* _EXERCISE OBJECTIVE_
From the data below, copy exactly the lines that lie between the one holding "210.1472 104.28) (width 1) (layer F.Cu) (net 2))" and the one holding "107.7852) (width 1) (layer F.Cu) (net 2))", including both, and nothing more.

──────── AVAILABLE DATA ────────

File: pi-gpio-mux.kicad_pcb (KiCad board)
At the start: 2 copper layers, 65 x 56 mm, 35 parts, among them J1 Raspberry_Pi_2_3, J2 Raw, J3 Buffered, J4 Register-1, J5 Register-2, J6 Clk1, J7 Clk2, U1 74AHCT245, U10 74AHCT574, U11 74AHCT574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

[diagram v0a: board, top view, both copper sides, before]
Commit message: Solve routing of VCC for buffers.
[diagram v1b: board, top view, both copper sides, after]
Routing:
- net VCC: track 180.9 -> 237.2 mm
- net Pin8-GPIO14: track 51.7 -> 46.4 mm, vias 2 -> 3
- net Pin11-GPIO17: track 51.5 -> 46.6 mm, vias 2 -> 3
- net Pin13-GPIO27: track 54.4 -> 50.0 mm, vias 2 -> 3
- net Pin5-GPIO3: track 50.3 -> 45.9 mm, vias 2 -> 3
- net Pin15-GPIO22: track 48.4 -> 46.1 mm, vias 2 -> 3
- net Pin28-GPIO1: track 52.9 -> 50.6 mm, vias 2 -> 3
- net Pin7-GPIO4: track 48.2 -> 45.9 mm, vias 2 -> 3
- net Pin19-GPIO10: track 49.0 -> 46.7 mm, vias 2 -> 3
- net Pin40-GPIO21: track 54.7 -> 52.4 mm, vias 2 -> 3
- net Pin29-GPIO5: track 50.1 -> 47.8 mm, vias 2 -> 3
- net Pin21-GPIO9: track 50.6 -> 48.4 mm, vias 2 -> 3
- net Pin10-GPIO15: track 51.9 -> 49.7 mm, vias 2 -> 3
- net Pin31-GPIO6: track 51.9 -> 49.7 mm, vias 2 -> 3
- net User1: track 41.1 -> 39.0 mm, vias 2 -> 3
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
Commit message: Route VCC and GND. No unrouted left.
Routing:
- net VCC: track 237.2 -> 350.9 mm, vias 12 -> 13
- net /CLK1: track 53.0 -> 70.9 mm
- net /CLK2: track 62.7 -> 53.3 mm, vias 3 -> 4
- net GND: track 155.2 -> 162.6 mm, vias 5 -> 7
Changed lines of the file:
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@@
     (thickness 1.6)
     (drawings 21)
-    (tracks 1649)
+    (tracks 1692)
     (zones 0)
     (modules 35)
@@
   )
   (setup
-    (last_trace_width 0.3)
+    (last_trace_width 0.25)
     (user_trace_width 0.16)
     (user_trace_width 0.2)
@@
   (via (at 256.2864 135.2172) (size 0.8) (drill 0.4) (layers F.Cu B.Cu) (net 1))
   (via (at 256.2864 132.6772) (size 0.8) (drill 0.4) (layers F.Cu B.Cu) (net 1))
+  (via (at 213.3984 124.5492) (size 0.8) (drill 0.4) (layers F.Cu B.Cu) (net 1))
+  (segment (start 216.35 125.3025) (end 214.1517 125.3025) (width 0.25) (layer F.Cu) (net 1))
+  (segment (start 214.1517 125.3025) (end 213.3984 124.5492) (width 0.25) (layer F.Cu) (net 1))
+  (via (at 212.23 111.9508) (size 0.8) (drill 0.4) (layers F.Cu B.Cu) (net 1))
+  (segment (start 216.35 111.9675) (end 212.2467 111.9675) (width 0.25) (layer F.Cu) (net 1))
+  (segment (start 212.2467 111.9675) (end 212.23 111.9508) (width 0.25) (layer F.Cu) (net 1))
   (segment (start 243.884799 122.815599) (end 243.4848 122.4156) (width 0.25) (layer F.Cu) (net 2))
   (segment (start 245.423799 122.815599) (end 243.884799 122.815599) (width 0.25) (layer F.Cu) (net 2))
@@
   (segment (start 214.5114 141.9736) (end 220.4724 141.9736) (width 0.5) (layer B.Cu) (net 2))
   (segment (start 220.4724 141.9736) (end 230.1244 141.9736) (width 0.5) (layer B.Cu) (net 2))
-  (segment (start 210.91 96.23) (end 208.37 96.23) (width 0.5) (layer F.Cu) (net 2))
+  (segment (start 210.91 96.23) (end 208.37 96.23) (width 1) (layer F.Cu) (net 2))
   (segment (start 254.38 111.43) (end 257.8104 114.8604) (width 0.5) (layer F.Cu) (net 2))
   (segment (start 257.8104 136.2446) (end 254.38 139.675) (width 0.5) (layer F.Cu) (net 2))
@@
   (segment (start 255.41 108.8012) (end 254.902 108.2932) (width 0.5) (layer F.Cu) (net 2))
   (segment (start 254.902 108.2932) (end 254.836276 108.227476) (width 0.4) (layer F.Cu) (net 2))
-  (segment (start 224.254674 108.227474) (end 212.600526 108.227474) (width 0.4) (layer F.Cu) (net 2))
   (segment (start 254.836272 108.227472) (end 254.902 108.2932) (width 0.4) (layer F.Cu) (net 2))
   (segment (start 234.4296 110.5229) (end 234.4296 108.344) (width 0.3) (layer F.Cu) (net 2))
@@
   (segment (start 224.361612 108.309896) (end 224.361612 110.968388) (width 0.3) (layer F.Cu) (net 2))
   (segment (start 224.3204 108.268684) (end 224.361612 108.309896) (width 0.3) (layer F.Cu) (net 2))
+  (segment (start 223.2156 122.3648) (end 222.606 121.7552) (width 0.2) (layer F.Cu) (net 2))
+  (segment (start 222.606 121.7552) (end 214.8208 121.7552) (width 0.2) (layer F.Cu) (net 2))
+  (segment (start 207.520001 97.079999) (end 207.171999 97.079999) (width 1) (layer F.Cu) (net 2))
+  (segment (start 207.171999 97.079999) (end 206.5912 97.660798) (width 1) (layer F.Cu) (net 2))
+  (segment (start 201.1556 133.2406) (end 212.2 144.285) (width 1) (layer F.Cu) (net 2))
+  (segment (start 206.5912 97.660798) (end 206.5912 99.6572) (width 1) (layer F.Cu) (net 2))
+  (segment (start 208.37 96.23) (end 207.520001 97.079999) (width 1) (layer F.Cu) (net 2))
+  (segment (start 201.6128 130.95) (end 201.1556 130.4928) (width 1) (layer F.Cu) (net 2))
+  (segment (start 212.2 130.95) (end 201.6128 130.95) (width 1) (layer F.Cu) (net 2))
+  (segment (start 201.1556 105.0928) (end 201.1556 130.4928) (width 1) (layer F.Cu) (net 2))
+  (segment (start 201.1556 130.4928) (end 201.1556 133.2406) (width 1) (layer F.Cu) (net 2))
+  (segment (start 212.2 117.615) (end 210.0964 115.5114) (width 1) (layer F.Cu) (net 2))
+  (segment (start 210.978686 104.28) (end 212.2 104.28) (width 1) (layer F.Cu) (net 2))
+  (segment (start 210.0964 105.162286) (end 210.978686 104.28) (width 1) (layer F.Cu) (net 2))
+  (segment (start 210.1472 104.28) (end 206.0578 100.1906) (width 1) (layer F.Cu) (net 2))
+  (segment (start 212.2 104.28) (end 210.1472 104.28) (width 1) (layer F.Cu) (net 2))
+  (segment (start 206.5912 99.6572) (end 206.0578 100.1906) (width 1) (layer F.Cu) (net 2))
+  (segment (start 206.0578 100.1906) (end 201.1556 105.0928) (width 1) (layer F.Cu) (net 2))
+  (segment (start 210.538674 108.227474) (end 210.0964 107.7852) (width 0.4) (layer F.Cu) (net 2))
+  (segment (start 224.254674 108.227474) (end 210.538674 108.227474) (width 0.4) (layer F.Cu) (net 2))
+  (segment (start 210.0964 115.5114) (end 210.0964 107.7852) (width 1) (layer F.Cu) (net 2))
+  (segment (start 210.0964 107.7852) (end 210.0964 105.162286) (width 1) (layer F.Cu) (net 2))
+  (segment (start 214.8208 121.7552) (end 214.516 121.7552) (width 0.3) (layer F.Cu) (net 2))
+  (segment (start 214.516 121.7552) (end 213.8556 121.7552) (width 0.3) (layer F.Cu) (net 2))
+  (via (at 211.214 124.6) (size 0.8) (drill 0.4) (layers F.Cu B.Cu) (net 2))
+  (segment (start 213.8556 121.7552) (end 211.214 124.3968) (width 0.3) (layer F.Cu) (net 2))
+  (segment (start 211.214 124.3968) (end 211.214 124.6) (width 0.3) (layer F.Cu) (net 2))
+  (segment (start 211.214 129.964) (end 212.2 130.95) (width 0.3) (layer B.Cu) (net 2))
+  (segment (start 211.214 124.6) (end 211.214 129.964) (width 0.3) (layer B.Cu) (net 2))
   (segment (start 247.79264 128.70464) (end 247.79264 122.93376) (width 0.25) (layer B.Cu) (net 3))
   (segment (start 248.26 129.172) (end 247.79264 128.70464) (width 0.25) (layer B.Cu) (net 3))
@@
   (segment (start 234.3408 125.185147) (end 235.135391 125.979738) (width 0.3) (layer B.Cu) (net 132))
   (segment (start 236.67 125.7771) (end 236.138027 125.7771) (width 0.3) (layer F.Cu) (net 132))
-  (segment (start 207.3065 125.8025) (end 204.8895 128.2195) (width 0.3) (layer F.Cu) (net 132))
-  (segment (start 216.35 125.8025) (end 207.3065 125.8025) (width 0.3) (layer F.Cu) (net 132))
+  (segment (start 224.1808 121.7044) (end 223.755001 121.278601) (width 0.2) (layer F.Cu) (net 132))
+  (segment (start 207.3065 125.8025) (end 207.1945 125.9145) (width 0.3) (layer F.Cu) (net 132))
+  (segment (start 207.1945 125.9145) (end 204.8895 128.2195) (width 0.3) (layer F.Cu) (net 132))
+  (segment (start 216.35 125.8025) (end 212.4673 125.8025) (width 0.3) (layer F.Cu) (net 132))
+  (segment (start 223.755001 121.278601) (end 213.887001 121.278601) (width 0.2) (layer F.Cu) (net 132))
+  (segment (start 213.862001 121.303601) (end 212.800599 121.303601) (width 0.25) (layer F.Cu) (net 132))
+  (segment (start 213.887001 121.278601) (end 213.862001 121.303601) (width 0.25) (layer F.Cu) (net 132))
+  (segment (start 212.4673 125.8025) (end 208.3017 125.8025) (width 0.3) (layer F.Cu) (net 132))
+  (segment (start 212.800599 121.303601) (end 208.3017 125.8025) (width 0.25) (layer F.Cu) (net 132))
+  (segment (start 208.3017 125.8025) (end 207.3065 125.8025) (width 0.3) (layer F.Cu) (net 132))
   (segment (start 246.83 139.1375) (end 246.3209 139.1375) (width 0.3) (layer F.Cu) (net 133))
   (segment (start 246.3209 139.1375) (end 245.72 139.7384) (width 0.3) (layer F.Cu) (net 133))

────────

* _YOUR RESPONSE_
+  (segment (start 212.2 104.28) (end 210.1472 104.28) (width 1) (layer F.Cu) (net 2))
+  (segment (start 206.5912 99.6572) (end 206.0578 100.1906) (width 1) (layer F.Cu) (net 2))
+  (segment (start 206.0578 100.1906) (end 201.1556 105.0928) (width 1) (layer F.Cu) (net 2))
+  (segment (start 210.538674 108.227474) (end 210.0964 107.7852) (width 0.4) (layer F.Cu) (net 2))
+  (segment (start 224.254674 108.227474) (end 210.538674 108.227474) (width 0.4) (layer F.Cu) (net 2))
+  (segment (start 210.0964 115.5114) (end 210.0964 107.7852) (width 1) (layer F.Cu) (net 2))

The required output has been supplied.